_WHAT IS REQUIRED_
Skip every line before the one containing "line L1 (3, 0) -> (3, 28)", then copy that line and the rest of the entries below exactly, through the last line.

_EXERCISE DATA_
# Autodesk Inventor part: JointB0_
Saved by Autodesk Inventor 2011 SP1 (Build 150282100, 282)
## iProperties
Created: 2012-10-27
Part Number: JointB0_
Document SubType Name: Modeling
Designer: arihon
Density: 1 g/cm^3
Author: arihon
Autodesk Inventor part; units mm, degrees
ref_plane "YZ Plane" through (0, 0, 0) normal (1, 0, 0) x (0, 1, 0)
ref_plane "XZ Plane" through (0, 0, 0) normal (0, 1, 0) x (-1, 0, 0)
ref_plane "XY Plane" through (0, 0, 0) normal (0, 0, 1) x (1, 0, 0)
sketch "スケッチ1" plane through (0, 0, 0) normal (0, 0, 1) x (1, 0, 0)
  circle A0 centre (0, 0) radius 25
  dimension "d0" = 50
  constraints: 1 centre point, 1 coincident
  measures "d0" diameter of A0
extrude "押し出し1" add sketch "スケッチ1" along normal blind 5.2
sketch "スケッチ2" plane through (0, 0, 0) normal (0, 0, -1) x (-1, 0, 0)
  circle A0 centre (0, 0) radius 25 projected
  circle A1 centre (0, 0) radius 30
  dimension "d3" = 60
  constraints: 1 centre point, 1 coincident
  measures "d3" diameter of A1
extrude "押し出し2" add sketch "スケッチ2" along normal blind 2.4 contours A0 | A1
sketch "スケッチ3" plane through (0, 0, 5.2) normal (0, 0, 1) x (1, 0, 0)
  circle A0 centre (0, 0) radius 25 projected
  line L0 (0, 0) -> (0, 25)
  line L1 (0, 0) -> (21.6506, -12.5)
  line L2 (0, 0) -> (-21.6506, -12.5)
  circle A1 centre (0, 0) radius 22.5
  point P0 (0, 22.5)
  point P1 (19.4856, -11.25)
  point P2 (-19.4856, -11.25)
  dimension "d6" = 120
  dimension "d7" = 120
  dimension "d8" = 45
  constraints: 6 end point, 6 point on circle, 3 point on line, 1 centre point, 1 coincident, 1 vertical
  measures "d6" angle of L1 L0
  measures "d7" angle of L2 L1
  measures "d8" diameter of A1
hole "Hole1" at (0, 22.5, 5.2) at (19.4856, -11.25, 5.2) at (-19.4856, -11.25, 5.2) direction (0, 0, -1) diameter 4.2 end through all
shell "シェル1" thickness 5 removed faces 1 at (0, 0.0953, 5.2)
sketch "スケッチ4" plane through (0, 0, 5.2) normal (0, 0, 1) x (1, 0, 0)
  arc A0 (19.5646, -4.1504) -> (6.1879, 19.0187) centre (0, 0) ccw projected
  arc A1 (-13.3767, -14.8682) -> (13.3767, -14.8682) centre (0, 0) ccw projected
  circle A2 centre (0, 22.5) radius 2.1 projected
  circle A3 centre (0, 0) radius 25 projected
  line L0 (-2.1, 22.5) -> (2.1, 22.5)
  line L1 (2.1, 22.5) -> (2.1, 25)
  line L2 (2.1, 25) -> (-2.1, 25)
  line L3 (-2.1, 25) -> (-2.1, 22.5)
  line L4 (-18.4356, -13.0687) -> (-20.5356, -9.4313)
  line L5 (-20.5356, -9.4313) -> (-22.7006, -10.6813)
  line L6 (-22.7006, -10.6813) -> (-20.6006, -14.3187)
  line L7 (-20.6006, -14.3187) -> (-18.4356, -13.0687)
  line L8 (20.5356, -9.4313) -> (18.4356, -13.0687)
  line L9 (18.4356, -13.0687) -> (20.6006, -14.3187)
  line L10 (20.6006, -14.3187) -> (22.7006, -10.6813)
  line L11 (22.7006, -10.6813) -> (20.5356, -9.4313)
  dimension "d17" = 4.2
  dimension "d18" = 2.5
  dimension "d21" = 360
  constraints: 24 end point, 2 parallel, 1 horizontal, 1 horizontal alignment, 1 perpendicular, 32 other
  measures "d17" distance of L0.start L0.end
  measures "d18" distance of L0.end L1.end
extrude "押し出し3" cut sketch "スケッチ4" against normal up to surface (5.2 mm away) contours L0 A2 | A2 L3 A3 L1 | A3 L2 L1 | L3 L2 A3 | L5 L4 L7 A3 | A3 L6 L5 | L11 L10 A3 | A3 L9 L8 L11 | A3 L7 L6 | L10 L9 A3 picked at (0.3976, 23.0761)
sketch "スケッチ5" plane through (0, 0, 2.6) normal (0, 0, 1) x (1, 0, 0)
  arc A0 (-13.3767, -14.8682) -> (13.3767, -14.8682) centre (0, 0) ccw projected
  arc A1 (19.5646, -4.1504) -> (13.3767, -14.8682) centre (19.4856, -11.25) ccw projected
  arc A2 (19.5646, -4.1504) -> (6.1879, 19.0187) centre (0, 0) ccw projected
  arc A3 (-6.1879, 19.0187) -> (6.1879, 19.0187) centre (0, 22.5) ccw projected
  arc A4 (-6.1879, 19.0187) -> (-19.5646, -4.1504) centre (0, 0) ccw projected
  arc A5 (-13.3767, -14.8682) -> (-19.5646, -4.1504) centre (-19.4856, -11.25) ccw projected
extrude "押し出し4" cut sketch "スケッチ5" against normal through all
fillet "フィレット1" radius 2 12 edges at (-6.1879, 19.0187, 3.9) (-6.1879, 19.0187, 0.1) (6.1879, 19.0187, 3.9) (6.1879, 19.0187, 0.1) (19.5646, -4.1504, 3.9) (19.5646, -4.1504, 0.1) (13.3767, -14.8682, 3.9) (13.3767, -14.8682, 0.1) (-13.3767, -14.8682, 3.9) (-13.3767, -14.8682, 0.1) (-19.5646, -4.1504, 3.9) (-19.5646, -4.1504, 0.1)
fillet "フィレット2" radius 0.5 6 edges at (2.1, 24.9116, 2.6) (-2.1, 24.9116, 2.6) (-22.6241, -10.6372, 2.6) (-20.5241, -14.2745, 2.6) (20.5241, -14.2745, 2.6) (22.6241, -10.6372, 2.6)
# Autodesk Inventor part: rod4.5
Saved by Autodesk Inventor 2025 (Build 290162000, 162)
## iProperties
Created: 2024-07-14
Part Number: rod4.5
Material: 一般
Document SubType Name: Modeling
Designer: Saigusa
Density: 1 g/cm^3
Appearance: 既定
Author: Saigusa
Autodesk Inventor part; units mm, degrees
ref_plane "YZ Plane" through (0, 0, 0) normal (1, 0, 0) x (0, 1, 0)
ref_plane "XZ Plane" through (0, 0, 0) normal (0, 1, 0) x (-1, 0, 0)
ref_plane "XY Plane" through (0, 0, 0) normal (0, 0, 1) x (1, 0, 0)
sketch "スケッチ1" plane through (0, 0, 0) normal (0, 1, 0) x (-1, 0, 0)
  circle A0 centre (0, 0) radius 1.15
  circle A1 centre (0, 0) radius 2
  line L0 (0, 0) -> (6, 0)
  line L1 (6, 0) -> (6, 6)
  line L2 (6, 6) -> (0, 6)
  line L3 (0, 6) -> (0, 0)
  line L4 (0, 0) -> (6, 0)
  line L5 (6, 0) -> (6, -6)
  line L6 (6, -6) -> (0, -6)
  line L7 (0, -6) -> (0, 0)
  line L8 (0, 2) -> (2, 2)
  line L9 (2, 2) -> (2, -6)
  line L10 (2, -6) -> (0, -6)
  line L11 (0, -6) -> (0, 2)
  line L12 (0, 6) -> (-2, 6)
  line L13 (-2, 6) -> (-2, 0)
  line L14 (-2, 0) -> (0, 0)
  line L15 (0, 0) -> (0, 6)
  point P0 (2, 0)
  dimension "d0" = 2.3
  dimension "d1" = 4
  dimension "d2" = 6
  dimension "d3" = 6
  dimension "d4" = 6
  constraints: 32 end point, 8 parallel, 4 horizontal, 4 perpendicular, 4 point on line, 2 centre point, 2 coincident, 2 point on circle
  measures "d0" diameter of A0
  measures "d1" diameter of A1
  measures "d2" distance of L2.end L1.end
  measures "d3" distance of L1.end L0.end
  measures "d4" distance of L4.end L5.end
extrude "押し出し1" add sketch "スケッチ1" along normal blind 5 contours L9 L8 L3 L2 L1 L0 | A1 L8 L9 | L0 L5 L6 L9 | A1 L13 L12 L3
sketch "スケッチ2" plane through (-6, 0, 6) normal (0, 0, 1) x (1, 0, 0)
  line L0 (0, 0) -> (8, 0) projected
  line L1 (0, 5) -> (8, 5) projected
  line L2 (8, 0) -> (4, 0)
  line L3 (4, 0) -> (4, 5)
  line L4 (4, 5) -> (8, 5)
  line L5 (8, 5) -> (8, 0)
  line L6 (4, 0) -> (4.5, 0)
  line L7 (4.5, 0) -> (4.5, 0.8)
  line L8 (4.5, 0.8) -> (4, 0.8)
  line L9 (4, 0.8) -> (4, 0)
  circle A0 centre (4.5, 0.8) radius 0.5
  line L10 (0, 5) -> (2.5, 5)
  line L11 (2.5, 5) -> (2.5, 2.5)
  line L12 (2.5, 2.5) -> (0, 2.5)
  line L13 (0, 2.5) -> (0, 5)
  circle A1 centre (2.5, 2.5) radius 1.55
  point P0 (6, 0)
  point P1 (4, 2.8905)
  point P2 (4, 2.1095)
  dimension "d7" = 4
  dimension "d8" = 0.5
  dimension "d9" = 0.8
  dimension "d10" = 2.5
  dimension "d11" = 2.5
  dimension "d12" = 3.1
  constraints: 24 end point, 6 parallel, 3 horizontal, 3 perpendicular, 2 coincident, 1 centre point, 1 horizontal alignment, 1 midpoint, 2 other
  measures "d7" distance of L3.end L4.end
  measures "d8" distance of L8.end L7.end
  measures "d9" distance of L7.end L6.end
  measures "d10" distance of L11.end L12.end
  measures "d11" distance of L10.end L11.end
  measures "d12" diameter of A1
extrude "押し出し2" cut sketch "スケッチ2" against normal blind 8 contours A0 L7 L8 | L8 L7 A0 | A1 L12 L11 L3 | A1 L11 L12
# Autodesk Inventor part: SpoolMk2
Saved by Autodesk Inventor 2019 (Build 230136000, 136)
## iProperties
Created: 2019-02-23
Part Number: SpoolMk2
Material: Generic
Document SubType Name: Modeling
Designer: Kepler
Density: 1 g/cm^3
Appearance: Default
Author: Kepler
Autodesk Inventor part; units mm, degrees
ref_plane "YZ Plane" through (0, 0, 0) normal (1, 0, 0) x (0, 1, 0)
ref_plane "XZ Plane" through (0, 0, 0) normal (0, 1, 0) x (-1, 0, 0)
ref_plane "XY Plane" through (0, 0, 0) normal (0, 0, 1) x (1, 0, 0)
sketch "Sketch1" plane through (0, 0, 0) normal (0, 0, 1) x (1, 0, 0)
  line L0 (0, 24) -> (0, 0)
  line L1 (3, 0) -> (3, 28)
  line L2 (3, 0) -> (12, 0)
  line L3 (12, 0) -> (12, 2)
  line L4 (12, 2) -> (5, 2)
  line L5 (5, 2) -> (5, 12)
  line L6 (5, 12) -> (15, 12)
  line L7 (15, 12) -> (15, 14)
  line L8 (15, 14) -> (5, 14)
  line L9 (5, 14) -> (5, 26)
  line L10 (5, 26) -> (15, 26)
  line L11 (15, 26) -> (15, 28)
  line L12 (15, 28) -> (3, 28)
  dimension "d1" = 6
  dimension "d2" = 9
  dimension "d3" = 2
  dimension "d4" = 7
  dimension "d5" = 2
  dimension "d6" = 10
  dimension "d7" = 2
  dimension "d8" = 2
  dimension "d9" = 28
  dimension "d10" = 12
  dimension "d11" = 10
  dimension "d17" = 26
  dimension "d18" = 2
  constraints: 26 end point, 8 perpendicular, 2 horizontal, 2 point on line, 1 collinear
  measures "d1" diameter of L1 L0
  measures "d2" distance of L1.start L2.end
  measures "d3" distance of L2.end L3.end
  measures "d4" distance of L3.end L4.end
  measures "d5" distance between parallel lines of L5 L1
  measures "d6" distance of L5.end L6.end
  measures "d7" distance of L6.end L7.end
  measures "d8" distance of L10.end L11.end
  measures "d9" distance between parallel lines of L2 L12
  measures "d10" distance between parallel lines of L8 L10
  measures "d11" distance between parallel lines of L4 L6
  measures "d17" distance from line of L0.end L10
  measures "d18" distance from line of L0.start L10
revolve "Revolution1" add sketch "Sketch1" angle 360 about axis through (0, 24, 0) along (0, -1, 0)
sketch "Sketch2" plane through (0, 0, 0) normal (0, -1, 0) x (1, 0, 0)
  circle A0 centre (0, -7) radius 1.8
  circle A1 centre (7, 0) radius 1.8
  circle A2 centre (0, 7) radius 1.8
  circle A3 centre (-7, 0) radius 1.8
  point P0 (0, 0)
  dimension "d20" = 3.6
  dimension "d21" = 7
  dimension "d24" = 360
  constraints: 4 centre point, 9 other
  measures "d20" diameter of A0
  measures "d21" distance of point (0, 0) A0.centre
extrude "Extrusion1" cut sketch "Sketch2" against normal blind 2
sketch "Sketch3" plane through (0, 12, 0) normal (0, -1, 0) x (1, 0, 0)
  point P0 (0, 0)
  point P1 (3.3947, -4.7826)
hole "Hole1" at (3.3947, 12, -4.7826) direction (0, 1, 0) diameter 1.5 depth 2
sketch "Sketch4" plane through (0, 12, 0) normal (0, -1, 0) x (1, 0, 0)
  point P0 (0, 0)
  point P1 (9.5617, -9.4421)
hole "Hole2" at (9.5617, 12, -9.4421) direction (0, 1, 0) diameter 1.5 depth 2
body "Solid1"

_WRITTEN ANSWER_
  line L1 (3, 0) -> (3, 28)
  line L2 (3, 0) -> (12, 0)
  line L3 (12, 0) -> (12, 2)
  line L4 (12, 2) -> (5, 2)
  line L5 (5, 2) -> (5, 12)
  line L6 (5, 12) -> (15, 12)
  line L7 (15, 12) -> (15, 14)
  line L8 (15, 14) -> (5, 14)
  line L9 (5, 14) -> (5, 26)
  line L10 (5, 26) -> (15, 26)
  line L11 (15, 26) -> (15, 28)
  line L12 (15, 28) -> (3, 28)
  dimension "d1" = 6
  dimension "d2" = 9
  dimension "d3" = 2
  dimension "d4" = 7
  dimension "d5" = 2
  dimension "d6" = 10
  dimension "d7" = 2
  dimension "d8" = 2
  dimension "d9" = 28
  dimension "d10" = 12
  dimension "d11" = 10
  dimension "d17" = 26
  dimension "d18" = 2
  constraints: 26 end point, 8 perpendicular, 2 horizontal, 2 point on line, 1 collinear
  measures "d1" diameter of L1 L0
  measures "d2" distance of L1.start L2.end
  measures "d3" distance of L2.end L3.end
  measures "d4" distance of L3.end L4.end
  measures "d5" distance between parallel lines of L5 L1
  measures "d6" distance of L5.end L6.end
  measures "d7" distance of L6.end L7.end
  measures "d8" distance of L10.end L11.end
  measures "d9" distance between parallel lines of L2 L12
  measures "d10" distance between parallel lines of L8 L10
  measures "d11" distance between parallel lines of L4 L6
  measures "d17" distance from line of L0.end L10
  measures "d18" distance from line of L0.start L10
revolve "Revolution1" add sketch "Sketch1" angle 360 about axis through (0, 24, 0) along (0, -1, 0)
sketch "Sketch2" plane through (0, 0, 0) normal (0, -1, 0) x (1, 0, 0)
  circle A0 centre (0, -7) radius 1.8
  circle A1 centre (7, 0) radius 1.8
  circle A2 centre (0, 7) radius 1.8
  circle A3 centre (-7, 0) radius 1.8
  point P0 (0, 0)
  dimension "d20" = 3.6
  dimension "d21" = 7
  dimension "d24" = 360
  constraints: 4 centre point, 9 other
  measures "d20" diameter of A0
  measures "d21" distance of point (0, 0) A0.centre
extrude "Extrusion1" cut sketch "Sketch2" against normal blind 2
sketch "Sketch3" plane through (0, 12, 0) normal (0, -1, 0) x (1, 0, 0)
  point P0 (0, 0)
  point P1 (3.3947, -4.7826)
hole "Hole1" at (3.3947, 12, -4.7826) direction (0, 1, 0) diameter 1.5 depth 2
sketch "Sketch4" plane through (0, 12, 0) normal (0, -1, 0) x (1, 0, 0)
  point P0 (0, 0)
  point P1 (9.5617, -9.4421)
hole "Hole2" at (9.5617, 12, -9.4421) direction (0, 1, 0) diameter 1.5 depth 2
body "Solid1"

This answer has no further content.